8.) Needlesticks and Other Sharps Injuries. This is a problem that continues to occur in spite of medical and technological advances. Hospital administrators should review and identify how and when these accidents occur, gather input from staff members, and implement a safety plan
9.) Anesthesia Dangers from Mistakes in Pre-use Inspection. ECRI’s recommendations: Before the day’s first case, staff members should perform an equipment inspection that includes the model-specific, manufacturer-prescribed full check of the anesthesia unit. Before each subsequent case, make sure that the unit is inspected according to the manufacturer’s instructions. Staff members should know who is responsible for performing the check.

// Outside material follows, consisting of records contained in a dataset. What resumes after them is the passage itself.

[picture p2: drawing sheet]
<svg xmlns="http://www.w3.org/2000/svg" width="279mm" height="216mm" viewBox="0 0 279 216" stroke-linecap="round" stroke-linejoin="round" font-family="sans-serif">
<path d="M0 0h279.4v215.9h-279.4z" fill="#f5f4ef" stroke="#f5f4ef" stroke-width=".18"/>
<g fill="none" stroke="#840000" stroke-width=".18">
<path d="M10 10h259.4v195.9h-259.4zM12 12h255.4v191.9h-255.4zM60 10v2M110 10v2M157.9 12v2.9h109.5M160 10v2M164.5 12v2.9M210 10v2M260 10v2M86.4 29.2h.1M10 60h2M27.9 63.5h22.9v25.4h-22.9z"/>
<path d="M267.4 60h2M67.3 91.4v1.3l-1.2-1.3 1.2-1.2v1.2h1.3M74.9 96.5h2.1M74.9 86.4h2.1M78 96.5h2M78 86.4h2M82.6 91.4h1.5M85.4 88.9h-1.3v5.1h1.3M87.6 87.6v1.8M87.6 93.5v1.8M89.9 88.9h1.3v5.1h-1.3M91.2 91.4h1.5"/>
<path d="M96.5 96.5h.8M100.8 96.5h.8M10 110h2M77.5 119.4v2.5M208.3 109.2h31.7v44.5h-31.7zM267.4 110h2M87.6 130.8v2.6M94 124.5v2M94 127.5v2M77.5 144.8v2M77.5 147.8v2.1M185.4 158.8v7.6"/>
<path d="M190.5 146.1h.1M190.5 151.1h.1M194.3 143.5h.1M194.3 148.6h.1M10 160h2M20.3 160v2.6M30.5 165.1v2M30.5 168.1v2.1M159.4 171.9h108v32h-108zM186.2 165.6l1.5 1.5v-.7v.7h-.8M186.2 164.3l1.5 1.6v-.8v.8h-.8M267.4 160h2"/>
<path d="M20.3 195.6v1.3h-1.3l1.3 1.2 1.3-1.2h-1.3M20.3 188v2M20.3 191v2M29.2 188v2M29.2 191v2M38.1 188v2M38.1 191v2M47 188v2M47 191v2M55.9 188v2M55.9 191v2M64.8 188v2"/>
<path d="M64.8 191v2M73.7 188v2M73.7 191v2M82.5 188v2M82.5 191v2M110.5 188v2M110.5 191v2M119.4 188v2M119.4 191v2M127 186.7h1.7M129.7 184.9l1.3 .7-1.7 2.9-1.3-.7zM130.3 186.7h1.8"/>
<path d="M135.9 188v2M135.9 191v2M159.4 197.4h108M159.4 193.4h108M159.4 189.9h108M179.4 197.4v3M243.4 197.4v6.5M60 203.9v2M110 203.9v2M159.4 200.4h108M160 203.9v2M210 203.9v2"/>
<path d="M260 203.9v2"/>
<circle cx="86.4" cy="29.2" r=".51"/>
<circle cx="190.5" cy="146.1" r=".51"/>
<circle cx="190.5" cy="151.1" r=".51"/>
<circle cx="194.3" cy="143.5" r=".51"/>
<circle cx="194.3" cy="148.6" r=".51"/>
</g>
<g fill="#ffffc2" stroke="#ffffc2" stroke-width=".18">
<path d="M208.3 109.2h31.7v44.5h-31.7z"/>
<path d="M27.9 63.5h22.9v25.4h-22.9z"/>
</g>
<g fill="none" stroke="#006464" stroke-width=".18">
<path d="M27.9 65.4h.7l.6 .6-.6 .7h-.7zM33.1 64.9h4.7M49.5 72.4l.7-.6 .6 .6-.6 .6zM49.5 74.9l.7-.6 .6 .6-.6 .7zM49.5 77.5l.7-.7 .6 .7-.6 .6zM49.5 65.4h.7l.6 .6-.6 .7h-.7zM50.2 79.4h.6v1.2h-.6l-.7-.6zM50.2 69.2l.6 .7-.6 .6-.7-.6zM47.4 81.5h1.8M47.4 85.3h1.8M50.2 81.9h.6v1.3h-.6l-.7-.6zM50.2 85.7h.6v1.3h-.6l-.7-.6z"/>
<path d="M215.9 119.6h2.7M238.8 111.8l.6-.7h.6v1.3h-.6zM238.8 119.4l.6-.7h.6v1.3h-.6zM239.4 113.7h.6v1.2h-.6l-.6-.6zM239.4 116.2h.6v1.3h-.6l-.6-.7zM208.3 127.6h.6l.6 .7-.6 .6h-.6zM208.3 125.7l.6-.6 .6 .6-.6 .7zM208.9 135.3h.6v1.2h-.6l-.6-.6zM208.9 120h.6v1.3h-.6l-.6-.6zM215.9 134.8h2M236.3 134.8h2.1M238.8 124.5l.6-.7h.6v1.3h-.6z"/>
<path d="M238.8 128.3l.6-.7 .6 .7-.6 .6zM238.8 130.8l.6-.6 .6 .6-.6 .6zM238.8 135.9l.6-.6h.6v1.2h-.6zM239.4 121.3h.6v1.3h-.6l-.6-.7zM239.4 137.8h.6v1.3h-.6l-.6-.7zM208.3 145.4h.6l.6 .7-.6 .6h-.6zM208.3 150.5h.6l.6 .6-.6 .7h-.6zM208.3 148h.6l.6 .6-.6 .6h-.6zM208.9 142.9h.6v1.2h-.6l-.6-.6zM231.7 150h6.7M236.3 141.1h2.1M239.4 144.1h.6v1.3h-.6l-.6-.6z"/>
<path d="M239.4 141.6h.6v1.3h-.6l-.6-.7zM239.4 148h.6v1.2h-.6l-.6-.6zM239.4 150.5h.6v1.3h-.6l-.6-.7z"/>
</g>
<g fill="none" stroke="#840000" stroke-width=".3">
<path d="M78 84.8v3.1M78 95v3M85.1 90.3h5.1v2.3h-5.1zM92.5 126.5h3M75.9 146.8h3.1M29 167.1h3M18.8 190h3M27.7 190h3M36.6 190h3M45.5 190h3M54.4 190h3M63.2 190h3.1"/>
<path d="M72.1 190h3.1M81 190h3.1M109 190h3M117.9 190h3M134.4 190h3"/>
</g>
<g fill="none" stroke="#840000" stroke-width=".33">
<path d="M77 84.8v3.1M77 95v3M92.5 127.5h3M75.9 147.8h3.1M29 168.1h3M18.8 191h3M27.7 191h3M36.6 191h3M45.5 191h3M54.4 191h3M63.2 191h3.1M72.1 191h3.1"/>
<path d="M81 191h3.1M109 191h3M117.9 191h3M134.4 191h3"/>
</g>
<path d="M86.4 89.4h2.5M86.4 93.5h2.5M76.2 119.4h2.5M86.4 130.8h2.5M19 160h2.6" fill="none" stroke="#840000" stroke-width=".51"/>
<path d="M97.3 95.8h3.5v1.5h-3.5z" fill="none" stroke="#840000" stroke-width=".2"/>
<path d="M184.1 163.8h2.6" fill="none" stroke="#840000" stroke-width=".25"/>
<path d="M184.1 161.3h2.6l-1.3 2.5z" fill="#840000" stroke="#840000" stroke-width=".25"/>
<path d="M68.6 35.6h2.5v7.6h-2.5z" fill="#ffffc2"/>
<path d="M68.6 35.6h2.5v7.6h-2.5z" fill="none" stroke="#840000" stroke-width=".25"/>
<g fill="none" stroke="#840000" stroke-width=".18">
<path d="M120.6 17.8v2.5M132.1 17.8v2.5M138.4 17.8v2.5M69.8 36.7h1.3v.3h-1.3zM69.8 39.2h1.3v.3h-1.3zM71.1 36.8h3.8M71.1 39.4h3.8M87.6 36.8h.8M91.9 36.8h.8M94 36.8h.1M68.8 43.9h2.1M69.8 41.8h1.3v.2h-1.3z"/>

10.) Medical Devices Used in the Home. The FDA has identified 3 challenges: caregiver knowledge, environmental unpredictability, and device usability. Many of the devices used in the home are older and have no labeling or instructions for use or maintenance. ECRI’s recommendations: Assess the patient and caregivers before prescribing any medical device, to ensure that everyone involved in the patient’s care can use the technology appropriately.
11.) Defribillator Failure. This is a common occurrence and completely avoidable if the defibrillators are maintained and inspected on a daily basis.
12.) Luer (Tubing and Catheter) Misconnections. Tubing and catheter misconnections can allow gases or liquids to enter the wrong lines, often severely injuring patients, such as when fluid meant for an enteral feeding tube enters an intravenous catheter. These risks increase when 2 functionally dissimilar devices each use Luer connectors. To prevent such mishaps, conduct periodic training of everyone working in patient care. Prohibit use of adapters, which can permit the connection of 2 components that normally wouldn’t mate. Review purchasing policies to allow only products that include misconnection safeguards.
Improvements in medical technology are only beneficial to the extent they are utilized properly and maintained regularly. Failure to do so can lead to catastrophic injuries and death.